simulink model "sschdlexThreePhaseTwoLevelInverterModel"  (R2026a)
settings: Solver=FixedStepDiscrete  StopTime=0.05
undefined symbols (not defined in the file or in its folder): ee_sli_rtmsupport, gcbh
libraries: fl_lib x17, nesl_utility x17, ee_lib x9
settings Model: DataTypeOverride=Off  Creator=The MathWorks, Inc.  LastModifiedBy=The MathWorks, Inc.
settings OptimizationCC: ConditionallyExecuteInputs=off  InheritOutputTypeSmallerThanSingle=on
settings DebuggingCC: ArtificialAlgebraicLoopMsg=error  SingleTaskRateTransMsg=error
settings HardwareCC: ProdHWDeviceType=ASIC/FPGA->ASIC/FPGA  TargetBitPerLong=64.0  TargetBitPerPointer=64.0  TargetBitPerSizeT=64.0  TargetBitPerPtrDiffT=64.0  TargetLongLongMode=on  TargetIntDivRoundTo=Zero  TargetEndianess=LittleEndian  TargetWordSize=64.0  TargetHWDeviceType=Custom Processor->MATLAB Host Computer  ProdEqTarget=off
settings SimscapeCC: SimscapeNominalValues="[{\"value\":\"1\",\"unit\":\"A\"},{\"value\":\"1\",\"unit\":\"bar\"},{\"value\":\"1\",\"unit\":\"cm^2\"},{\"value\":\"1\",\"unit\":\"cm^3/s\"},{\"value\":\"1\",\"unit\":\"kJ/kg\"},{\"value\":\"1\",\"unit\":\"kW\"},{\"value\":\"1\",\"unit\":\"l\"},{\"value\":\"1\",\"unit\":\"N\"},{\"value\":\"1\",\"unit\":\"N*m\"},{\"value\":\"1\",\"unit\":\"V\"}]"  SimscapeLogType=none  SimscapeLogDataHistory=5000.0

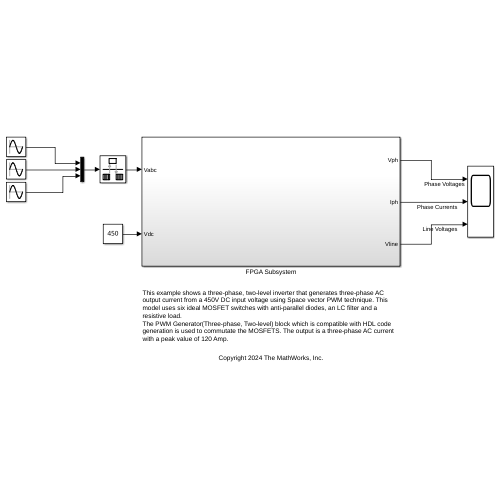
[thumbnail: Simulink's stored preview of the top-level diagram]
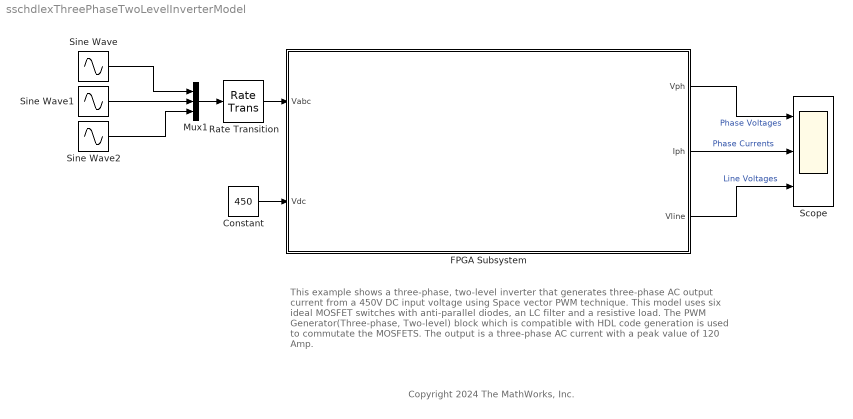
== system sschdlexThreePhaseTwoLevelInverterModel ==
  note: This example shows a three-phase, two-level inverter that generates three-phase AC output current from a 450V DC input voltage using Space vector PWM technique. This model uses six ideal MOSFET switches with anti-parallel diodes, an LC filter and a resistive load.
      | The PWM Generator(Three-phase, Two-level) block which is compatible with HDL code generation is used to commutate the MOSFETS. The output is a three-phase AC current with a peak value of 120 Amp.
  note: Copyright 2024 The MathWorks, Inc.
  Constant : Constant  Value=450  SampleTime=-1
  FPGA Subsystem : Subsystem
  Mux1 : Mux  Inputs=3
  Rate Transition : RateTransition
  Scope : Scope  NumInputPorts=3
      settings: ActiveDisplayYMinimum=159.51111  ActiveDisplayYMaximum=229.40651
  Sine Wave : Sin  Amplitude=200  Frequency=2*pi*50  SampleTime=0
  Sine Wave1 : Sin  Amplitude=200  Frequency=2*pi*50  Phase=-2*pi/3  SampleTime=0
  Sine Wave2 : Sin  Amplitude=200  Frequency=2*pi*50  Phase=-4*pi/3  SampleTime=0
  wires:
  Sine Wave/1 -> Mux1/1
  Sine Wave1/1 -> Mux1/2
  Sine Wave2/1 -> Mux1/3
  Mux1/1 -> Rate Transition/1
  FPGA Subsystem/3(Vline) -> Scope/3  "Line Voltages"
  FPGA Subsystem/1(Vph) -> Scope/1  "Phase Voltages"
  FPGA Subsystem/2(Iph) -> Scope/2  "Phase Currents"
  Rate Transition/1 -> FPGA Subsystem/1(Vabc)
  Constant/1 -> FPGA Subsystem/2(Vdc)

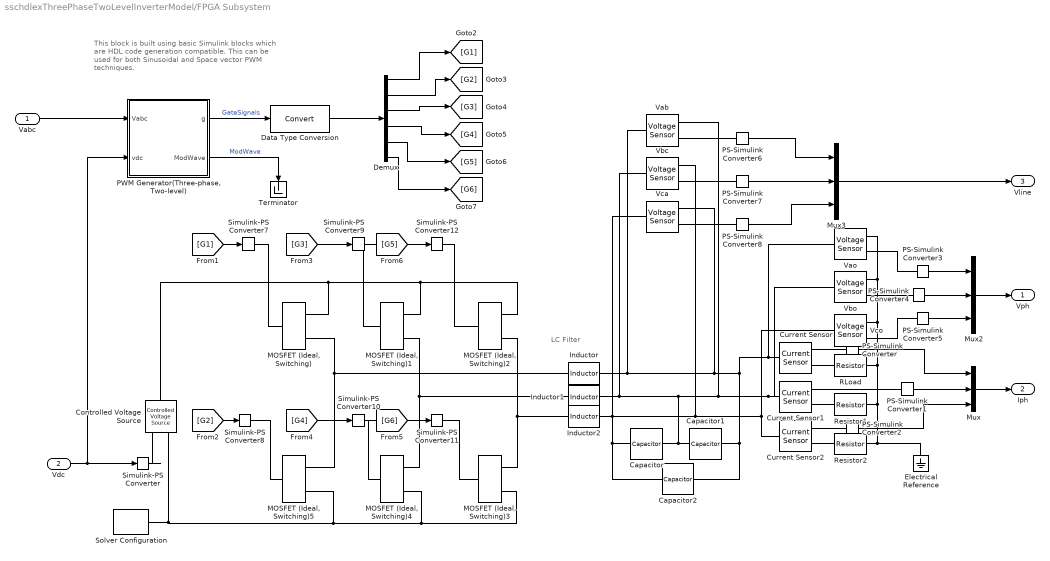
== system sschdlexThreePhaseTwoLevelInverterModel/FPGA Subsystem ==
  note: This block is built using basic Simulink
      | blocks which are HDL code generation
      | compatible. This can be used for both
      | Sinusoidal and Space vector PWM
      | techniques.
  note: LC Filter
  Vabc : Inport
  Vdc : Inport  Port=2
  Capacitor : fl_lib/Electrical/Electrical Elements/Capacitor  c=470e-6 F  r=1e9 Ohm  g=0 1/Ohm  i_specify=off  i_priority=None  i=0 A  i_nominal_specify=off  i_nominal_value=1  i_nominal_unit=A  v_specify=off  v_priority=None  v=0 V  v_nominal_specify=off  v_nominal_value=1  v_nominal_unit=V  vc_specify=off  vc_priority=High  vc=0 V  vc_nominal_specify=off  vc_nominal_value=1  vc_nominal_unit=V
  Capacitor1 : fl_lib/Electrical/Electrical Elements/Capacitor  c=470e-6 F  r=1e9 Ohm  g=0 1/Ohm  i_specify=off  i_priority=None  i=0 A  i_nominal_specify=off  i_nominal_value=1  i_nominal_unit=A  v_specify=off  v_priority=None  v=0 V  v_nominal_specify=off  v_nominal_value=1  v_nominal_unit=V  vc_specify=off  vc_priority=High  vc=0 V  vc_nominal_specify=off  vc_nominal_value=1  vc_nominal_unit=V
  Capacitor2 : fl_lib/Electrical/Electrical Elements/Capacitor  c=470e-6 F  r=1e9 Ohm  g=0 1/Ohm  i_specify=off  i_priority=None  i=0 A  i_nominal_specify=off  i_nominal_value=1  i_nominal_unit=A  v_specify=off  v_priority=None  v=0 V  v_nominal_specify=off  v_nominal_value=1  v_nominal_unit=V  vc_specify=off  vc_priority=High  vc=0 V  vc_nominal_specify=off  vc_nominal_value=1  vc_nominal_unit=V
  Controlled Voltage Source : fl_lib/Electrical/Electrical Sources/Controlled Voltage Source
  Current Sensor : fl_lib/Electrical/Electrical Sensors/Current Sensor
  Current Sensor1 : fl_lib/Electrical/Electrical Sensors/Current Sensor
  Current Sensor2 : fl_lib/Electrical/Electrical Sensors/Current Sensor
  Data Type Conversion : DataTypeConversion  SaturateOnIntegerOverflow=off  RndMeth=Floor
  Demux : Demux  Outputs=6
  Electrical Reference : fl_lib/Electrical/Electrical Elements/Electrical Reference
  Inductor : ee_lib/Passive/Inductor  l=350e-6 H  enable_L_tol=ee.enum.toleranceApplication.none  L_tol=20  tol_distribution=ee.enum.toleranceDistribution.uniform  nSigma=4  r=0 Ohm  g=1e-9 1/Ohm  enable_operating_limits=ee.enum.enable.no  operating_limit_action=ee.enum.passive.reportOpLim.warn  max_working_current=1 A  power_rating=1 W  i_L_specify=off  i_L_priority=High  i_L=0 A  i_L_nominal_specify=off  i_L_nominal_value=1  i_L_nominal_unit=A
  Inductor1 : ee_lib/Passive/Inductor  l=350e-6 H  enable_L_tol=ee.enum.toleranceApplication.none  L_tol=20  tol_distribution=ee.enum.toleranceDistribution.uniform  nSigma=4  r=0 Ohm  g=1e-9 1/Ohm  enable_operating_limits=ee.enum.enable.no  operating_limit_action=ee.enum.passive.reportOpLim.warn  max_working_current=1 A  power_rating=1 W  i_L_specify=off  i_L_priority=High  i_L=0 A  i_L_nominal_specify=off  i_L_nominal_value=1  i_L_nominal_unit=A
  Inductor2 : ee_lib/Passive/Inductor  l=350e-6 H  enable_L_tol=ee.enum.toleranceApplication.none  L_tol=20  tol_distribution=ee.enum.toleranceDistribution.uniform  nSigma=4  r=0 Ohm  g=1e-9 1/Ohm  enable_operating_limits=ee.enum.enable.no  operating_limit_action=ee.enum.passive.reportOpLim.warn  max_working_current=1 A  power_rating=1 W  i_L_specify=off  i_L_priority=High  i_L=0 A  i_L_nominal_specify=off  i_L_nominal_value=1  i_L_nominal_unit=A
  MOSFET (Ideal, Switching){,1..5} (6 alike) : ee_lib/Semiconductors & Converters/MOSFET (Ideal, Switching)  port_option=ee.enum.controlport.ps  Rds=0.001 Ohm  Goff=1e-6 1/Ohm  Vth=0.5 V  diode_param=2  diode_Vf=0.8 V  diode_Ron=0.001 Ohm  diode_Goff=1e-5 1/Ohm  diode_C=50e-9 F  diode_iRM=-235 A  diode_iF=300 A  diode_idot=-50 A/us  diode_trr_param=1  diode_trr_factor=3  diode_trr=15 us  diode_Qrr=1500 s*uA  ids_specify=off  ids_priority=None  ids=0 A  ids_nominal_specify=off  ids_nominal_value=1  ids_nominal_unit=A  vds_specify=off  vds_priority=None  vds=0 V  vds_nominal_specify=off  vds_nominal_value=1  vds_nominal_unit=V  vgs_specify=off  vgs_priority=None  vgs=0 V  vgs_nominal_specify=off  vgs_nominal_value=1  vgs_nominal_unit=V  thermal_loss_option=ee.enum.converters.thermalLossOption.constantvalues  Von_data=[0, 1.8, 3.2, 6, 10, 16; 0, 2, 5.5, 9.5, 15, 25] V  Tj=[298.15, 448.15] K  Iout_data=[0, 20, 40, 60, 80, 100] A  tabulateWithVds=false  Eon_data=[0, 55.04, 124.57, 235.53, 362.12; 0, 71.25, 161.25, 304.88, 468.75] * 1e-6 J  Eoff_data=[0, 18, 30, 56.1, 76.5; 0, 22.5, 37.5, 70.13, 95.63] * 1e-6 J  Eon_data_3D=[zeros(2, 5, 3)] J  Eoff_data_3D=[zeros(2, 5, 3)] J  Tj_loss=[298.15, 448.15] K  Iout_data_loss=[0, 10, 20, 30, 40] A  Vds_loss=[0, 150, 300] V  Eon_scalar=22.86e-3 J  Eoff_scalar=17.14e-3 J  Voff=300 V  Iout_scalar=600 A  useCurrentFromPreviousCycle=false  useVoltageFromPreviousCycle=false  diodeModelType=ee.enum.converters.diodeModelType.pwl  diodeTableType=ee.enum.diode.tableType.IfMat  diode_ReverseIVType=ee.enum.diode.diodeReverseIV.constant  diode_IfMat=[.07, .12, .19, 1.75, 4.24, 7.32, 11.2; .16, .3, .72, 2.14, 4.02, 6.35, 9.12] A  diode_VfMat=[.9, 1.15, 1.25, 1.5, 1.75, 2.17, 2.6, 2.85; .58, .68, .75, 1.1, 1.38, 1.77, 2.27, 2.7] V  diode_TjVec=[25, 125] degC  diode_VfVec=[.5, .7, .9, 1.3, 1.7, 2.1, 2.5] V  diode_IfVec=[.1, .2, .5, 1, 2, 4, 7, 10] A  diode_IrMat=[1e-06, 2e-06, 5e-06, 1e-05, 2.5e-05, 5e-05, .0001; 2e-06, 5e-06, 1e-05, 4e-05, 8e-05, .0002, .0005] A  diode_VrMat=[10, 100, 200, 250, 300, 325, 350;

○ ○ ○ ○ ○ ○ ○

When copying the data above, please keep exactly the lines from its first line through the line with "settings OptimizationCC: ConditionallyExecuteInputs=off", both ends included, and drop the rest.

simulink model "sschdlexThreePhaseTwoLevelInverterModel"  (R2026a)
settings: Solver=FixedStepDiscrete  StopTime=0.05
undefined symbols (not defined in the file or in its folder): ee_sli_rtmsupport, gcbh
libraries: fl_lib x17, nesl_utility x17, ee_lib x9
settings Model: DataTypeOverride=Off  Creator=The MathWorks, Inc.  LastModifiedBy=The MathWorks, Inc.
settings OptimizationCC: ConditionallyExecuteInputs=off  InheritOutputTypeSmallerThanSingle=on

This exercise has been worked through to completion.